"""

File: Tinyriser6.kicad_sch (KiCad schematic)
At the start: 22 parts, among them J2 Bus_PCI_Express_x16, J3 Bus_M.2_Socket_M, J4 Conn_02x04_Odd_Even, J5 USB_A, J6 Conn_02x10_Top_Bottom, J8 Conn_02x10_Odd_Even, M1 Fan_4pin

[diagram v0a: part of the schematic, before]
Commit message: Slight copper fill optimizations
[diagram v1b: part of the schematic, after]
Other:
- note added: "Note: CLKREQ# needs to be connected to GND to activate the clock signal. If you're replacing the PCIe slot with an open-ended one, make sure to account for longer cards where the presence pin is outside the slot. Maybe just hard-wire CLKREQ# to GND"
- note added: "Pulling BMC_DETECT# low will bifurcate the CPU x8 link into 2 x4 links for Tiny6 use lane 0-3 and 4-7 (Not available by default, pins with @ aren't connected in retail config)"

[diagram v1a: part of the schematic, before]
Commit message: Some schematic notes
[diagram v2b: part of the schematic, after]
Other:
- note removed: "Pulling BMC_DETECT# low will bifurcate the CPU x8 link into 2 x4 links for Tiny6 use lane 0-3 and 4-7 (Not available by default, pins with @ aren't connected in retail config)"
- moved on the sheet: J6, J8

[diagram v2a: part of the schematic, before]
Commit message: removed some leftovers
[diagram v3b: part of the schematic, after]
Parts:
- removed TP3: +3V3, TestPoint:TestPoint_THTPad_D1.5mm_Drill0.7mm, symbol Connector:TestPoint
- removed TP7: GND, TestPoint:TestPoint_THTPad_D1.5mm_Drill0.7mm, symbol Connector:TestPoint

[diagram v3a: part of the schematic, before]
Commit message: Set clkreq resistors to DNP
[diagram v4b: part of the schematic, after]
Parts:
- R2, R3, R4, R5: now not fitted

"""

=== What to work on ===
Whenever a line in the records above contains the string "after", copy that line.

=== Result below ===
[diagram v1b: part of the schematic, after]
[diagram v2b: part of the schematic, after]
[diagram v3b: part of the schematic, after]
[diagram v4b: part of the schematic, after]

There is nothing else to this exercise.